An Ovid For Our Times

June 24th, 2010 posted by admin

With the best sellers lists being dominated by dubious celebrity biographies and anguished ’real life'stories of no literary merit, then we need, more than ever, the classics. I’m not just talking about the modern classics by people such as Dickens, the Brontes and Dostoevsky to name but a few, although of course these all have their merit. No, I’m talking much further back in time to the very earliest classics of western literature. Ah, ’Homer'I hear you cry, well, actually you’ve gone a bit too far back there, but I believe that more than ever in our hard nosed, matrialisti society we can take great pleasure in the escapism offered by Publius Ovidius Naso - better known as Ovid.

Ovid was at the height of his powers at the start of the first century AD, having given up a promising political career to concentrate on his true love - poetry. He is often overshadowed by his Roman contemporary Virgil, famous writer of the Aeneid, but to my mind, and in the opinion of an increasing number of other literary critics, Ovid was the towering talent of his day. While Virgil is all grandiose pomposity, Ovid displays a subtle wit and a constant readiness to mock society and its beliefs. Indeed this refusal to accept the literary norms of the day, along with his attacks on the great and the good of society, eventually saw Ovid exiled from Rome by the emporer Augustus.

The great gift that Ovid left future generations is ’Metamorphoses’. A collection of varied myths, legends and ancient fairytales is collected by Ovid and moulded into chronological order so that he takes us from the very beginning of creation, through the Roman’s very own flood myth and up to the moment where Julius Caesar himself becomes a god.

The unifying theme, as the title suggests, is metamorphosis, change - and each in the sprawling collection of stories involves change of some sorts. Typically the irreverent stories chronicle the gods changing their form to seduce mortals: such famous stories as Jupiter changing into a bull to ravish Europa, the story of Leda and the swan, and Jupiter becoming a shower of gold to ravish Danae all survive principally thanks to Ovid.

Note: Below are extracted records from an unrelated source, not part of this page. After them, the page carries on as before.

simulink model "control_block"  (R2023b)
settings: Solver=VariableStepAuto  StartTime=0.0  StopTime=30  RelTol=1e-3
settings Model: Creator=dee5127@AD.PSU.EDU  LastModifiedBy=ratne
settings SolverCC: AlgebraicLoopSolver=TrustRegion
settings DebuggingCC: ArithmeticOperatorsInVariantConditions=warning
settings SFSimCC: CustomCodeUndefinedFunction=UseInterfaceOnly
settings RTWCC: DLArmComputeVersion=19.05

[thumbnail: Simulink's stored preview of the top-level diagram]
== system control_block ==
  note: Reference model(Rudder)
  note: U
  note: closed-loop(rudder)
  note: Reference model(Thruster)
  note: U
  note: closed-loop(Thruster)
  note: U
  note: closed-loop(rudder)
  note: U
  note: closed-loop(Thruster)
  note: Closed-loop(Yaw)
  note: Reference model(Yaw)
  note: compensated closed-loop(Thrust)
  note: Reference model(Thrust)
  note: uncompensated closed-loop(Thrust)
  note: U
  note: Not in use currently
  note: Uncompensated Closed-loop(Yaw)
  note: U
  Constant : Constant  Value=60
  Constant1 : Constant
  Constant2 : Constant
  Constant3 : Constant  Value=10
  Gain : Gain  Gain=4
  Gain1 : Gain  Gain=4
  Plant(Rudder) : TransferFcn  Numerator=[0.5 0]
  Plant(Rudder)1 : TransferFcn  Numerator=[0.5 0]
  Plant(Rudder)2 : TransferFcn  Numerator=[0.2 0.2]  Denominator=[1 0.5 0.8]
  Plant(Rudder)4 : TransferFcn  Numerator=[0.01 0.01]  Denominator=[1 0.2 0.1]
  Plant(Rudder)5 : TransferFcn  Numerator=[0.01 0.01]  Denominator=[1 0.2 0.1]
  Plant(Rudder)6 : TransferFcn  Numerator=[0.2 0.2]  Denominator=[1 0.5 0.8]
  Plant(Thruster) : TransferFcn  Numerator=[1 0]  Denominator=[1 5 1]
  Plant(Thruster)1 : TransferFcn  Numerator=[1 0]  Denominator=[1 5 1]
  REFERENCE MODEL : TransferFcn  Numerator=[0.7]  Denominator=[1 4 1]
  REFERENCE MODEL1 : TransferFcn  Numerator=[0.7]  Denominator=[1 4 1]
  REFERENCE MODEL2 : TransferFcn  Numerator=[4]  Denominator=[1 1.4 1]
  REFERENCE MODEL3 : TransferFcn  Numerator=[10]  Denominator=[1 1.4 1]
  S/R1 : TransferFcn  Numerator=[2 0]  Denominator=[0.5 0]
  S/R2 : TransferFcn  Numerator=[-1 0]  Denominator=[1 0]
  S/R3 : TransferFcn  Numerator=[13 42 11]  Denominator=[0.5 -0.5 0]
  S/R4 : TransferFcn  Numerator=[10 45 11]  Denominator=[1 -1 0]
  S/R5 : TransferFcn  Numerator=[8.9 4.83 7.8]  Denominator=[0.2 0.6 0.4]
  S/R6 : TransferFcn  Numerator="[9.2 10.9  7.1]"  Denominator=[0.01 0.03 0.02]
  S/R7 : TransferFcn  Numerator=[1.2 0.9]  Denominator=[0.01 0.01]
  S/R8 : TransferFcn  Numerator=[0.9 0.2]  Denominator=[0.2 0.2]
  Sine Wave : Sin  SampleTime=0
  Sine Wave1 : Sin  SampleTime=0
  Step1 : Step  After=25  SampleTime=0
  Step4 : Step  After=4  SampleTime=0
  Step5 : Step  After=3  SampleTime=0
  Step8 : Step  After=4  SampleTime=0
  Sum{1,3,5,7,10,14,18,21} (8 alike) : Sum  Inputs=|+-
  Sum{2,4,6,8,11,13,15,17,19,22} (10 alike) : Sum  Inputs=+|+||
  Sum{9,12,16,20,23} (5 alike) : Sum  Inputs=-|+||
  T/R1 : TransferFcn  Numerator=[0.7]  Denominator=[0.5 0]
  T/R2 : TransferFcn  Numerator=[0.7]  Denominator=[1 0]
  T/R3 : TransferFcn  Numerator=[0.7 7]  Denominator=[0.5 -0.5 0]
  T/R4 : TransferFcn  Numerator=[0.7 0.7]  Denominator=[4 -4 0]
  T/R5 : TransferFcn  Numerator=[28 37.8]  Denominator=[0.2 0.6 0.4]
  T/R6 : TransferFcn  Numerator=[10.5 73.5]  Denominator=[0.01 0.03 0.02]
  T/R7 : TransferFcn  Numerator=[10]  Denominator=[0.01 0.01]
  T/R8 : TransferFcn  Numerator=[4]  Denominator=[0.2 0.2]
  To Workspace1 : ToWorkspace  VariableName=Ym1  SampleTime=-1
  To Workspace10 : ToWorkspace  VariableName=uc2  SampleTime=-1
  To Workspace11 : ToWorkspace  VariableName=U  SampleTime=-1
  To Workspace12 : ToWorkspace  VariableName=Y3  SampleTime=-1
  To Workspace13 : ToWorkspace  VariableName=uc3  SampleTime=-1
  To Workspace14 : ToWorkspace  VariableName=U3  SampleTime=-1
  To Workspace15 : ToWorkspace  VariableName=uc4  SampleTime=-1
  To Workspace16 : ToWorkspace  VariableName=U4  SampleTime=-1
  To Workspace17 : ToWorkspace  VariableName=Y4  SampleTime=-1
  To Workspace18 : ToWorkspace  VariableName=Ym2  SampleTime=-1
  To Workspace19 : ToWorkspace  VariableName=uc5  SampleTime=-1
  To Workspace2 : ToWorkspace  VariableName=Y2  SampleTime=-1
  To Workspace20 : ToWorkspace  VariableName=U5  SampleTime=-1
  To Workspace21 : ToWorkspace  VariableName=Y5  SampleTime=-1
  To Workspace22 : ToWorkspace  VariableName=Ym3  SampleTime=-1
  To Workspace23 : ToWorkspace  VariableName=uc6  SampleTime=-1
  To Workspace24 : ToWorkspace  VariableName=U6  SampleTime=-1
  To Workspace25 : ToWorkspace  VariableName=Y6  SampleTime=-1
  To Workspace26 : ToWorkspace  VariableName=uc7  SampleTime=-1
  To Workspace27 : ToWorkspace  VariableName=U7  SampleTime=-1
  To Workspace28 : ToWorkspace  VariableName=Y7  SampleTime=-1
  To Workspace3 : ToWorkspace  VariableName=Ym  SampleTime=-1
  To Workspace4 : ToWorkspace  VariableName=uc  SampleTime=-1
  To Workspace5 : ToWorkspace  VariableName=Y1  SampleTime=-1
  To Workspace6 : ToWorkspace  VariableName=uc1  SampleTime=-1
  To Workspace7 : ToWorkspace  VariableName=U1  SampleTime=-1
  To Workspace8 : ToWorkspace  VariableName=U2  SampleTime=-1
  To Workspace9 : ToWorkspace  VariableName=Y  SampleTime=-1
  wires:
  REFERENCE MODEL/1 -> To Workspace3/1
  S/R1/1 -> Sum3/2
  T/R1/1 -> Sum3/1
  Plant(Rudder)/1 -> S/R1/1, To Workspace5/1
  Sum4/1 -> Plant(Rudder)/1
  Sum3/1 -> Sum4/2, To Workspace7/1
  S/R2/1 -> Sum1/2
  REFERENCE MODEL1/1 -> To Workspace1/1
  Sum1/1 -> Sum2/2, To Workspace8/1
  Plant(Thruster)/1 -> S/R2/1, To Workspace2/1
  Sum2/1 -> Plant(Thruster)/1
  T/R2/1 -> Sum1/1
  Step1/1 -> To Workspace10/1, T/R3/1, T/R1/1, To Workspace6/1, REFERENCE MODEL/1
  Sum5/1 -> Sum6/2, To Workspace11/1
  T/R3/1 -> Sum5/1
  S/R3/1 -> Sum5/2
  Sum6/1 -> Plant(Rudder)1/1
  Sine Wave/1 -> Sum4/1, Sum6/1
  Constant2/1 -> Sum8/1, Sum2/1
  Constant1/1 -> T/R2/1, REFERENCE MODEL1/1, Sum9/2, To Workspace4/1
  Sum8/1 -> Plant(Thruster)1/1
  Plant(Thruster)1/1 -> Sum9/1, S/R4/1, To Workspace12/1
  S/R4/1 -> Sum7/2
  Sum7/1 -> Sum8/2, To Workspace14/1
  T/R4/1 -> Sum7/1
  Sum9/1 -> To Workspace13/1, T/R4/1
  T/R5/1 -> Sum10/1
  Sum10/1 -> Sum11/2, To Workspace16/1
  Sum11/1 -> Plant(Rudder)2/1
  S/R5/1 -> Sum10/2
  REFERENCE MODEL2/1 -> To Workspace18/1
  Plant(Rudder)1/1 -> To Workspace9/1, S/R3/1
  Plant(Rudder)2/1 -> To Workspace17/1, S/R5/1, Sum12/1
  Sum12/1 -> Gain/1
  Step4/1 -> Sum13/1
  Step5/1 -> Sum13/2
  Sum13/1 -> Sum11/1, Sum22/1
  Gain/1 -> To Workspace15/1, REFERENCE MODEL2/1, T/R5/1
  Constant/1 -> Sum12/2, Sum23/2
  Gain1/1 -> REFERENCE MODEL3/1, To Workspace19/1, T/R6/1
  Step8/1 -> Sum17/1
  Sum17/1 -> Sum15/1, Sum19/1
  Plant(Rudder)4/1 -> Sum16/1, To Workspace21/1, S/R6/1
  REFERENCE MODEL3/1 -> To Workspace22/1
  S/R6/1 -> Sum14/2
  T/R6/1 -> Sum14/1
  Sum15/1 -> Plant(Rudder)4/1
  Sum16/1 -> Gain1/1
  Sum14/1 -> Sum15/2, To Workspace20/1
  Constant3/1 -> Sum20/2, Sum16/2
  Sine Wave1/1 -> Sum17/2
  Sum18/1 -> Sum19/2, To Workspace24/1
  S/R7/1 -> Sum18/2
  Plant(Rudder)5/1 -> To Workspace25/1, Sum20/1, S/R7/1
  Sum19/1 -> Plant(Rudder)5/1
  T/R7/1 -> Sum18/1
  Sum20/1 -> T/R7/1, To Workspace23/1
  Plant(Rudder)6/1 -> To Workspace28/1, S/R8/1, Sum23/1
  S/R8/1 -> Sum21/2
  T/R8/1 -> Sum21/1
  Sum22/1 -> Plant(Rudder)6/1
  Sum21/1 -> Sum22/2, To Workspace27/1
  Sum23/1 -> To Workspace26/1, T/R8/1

An exemplary recent translation by A.D.Melville captures the sheer joy of Ovid’s words. Translated into blank verse with a smattering of rhymong couplets this wonderful translation brings Ovid triumphantly into the modern pantheon of literature where he belongs.

Metamorphoses deals with sex, lust, violence, triumph, defeat, the great and the little men and the constant struggle against fate; it is a book that more than any other shows how wonderful these early classics were and, above all other Romano-Greek classics, it is supremely entertaining. There is more salacious fun in a beautifully composed chapter of Ovid than there is in a hundred Katie Price books (this seemingly being her average yearly output, why do we want to know about her appointments at laser hair removal slough anyway?) and this more than anything else is why we need Ovid more than ever today.